◆ About this exercise
Pick out each line of the records in which the word "linetype" appears.

Records from a data source
════════════════
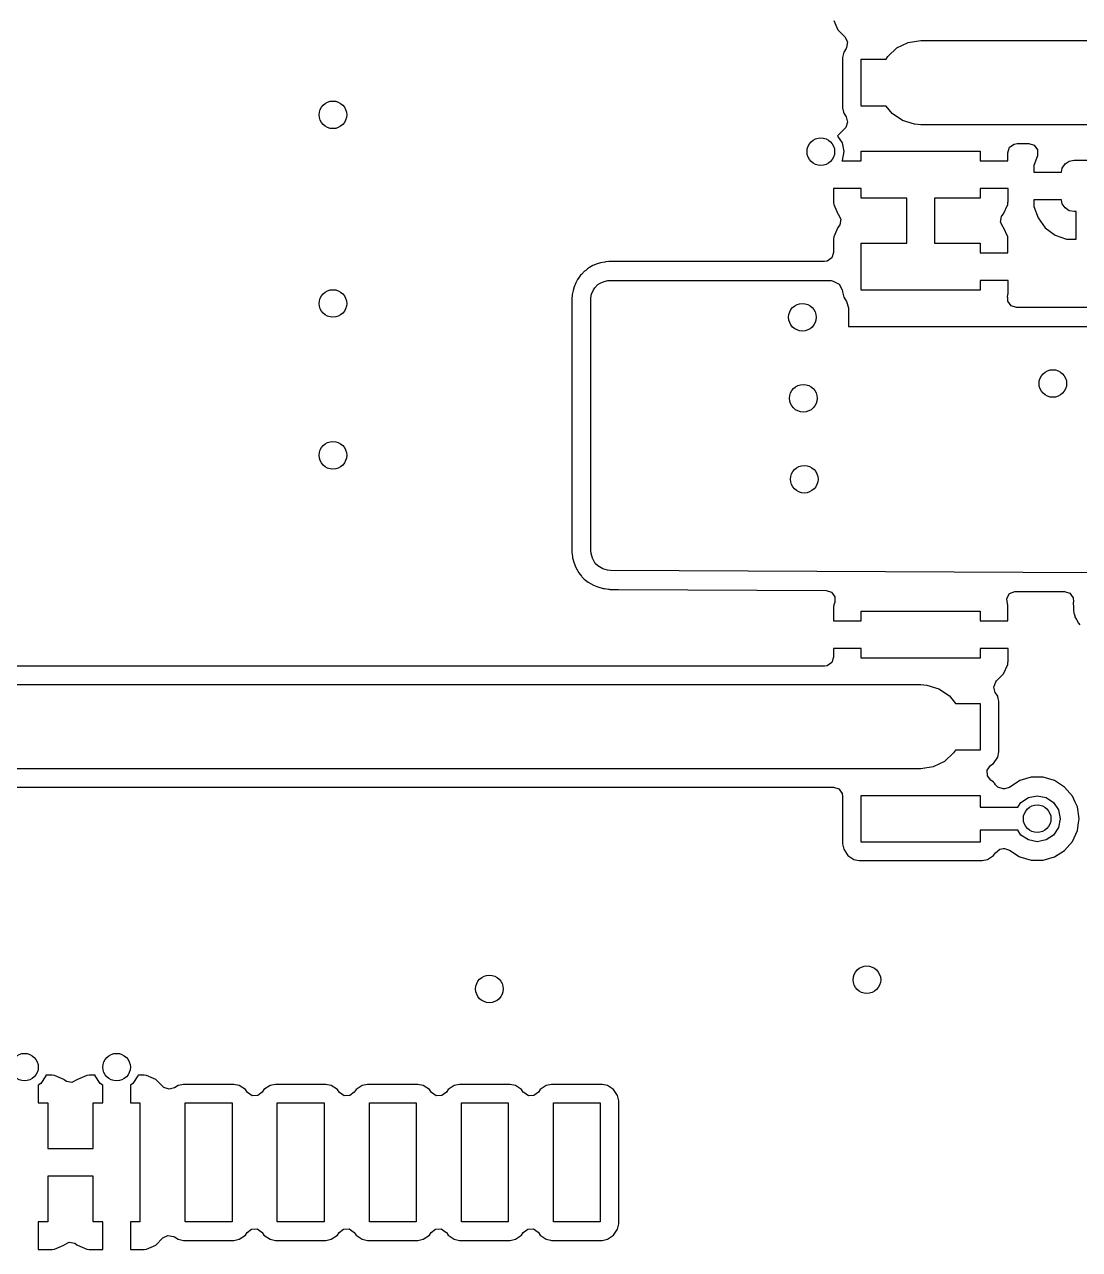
# Model space of a CAD drawing. Extents: x 100.3 to 197.2, y -144.7 to -85.3.
# Drawn here: x 165.75 to 177.21, y -128.93 to -115.62 of the extents above; entities that cross this region are included whole.
import ezdxf

# ---------------------------------------------------------------- set-up
doc = ezdxf.new("R2010")
doc.units = 0
doc.layers.add('BLACK', color=7, linetype='CONTINUOUS')

msp = doc.modelspace()

# ---------------------------------------------------------------- linework, layer by layer
at = {"layer": 'BLACK', "linetype": 'CONTINUOUS'}
for p, q in [((174.54, -115.574), (174.585, -115.676)), ((174.585, -115.676), (174.662, -115.753)), ((174.662, -115.753), (174.69, -115.808)), ((174.69, -115.808), (174.68, -115.868)), ((175.227, -115.872), (175.35, -115.813)), ((175.35, -115.813), (175.485, -115.792)), ((175.485, -115.792), (178.445, -115.792)), ((174.648, -115.918), (174.637, -115.976)), ((174.675, -115.878), (174.648, -115.918)), ((174.648, -115.918), (174.648, -115.918)), ((174.68, -115.868), (174.675, -115.878)), ((175.127, -115.965), (175.227, -115.872)), ((174.637, -115.976), (174.637, -115.976)), ((174.637, -115.976), (174.637, -116.524)), ((174.837, -116.504), (174.837, -115.996)), ((174.837, -115.996), (175.109, -115.996)), ((175.109, -115.996), (175.127, -115.965)), ((174.637, -116.524), (174.637, -116.524)), ((174.637, -116.524), (174.646, -116.571)), ((174.646, -116.571), (174.648, -116.582)), ((174.648, -116.582), (174.675, -116.622)), ((174.675, -116.622), (174.691, -116.68)), ((175.109, -116.504), (174.837, -116.504)), ((175.174, -116.585), (175.109, -116.504)), ((175.286, -116.662), (175.174, -116.585)), ((174.662, -116.747), (174.585, -116.824)), ((174.67, -116.738), (174.662, -116.747)), ((174.691, -116.68), (174.67, -116.738)), ((175.417, -116.702), (175.286, -116.662)), ((175.485, -116.707), (175.417, -116.702)), ((178.445, -116.707), (175.485, -116.707)), ((174.585, -116.824), (174.582, -116.831)), ((174.582, -116.831), (174.631, -116.904)), ((174.631, -116.904), (174.65, -117)), ((174.65, -117), (174.631, -117.096)), ((174.837, -117.1), (174.837, -116.996)), ((174.837, -116.996), (176.132, -116.996)), ((176.132, -116.996), (176.132, -117.1)), ((176.432, -117.011), (176.451, -116.953)), ((176.432, -117.1), (176.432, -117.011)), ((176.451, -116.953), (176.501, -116.917)), ((176.501, -116.917), (176.531, -116.912)), ((176.531, -116.912), (176.659, -116.912)), ((176.659, -116.912), (176.717, -116.931)), ((176.717, -116.931), (176.753, -116.981)), ((176.753, -116.981), (176.753, -117.042)), ((174.631, -117.096), (174.628, -117.1)), ((174.628, -117.1), (174.837, -117.1)), ((176.132, -117.1), (176.432, -117.1)), ((176.432, -117.1), (176.432, -117.1)), ((176.715, -117.15), (176.712, -117.179)), ((176.752, -117.044), (176.715, -117.15)), ((176.753, -117.042), (176.752, -117.044)), ((177.023, -117.179), (177.053, -117.133)), ((177.053, -117.133), (177.099, -117.103)), ((177.099, -117.103), (177.152, -117.092)), ((177.152, -117.092), (177.492, -117.092)), ((176.712, -117.179), (176.712, -117.222)), ((176.712, -117.222), (176.712, -117.222)), ((176.712, -117.222), (177.014, -117.222)), ((177.014, -117.222), (177.023, -117.179)), ((174.837, -117.4), (174.537, -117.4)), ((174.537, -117.4), (174.537, -117.4)), ((174.537, -117.4), (174.537, -117.549)), ((174.837, -117.504), (174.837, -117.4)), ((176.433, -117.4), (176.132, -117.4)), ((176.132, -117.4), (176.132, -117.504)), ((176.433, -117.549), (176.433, -117.4)), ((174.537, -117.549), (174.54, -117.574)), ((175.335, -117.504), (174.837, -117.504)), ((175.335, -117.996), (175.335, -117.504)), ((176.132, -117.504), (175.635, -117.504)), ((175.635, -117.504), (175.635, -117.996)), ((176.431, -117.565), (176.432, -117.549)), ((176.432, -117.549), (176.433, -117.549)), ((177.014, -117.522), (176.712, -117.522)), ((176.712, -117.522), (176.712, -117.522)), ((176.712, -117.522), (176.712, -117.565)), ((177.023, -117.566), (177.014, -117.522)), ((174.54, -117.574), (174.585, -117.676)), ((174.585, -117.676), (174.589, -117.68)), ((174.589, -117.68), (174.617, -117.735)), ((176.363, -117.705), (176.381, -117.68)), ((176.381, -117.68), (176.384, -117.676)), ((176.384, -117.676), (176.43, -117.574)), ((176.43, -117.574), (176.431, -117.565)), ((176.712, -117.565), (176.715, -117.595)), ((176.715, -117.595), (176.715, -117.595)), ((176.715, -117.595), (176.759, -117.72)), ((177.053, -117.611), (177.023, -117.566)), ((177.099, -117.642), (177.053, -117.611)), ((177.152, -117.652), (177.099, -117.642)), ((177.172, -117.652), (177.152, -117.652)), ((177.172, -117.952), (177.172, -117.652)), ((174.585, -117.824), (174.54, -117.926)), ((174.589, -117.82), (174.585, -117.824)), ((174.607, -117.795), (174.589, -117.82)), ((174.617, -117.735), (174.607, -117.795)), ((176.353, -117.765), (176.363, -117.705)), ((176.381, -117.82), (176.353, -117.765)), ((176.384, -117.824), (176.381, -117.82)), ((176.43, -117.926), (176.384, -117.824)), ((176.759, -117.72), (176.838, -117.827)), ((176.838, -117.827), (176.838, -117.827)), ((176.838, -117.827), (176.944, -117.906)), ((174.54, -117.926), (174.537, -117.951)), ((174.537, -117.951), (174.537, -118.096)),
════════════════
◆ Written solution
doc.layers.add('BLACK', color=7, linetype='CONTINUOUS')
at = {"layer": 'BLACK', "linetype": 'CONTINUOUS'}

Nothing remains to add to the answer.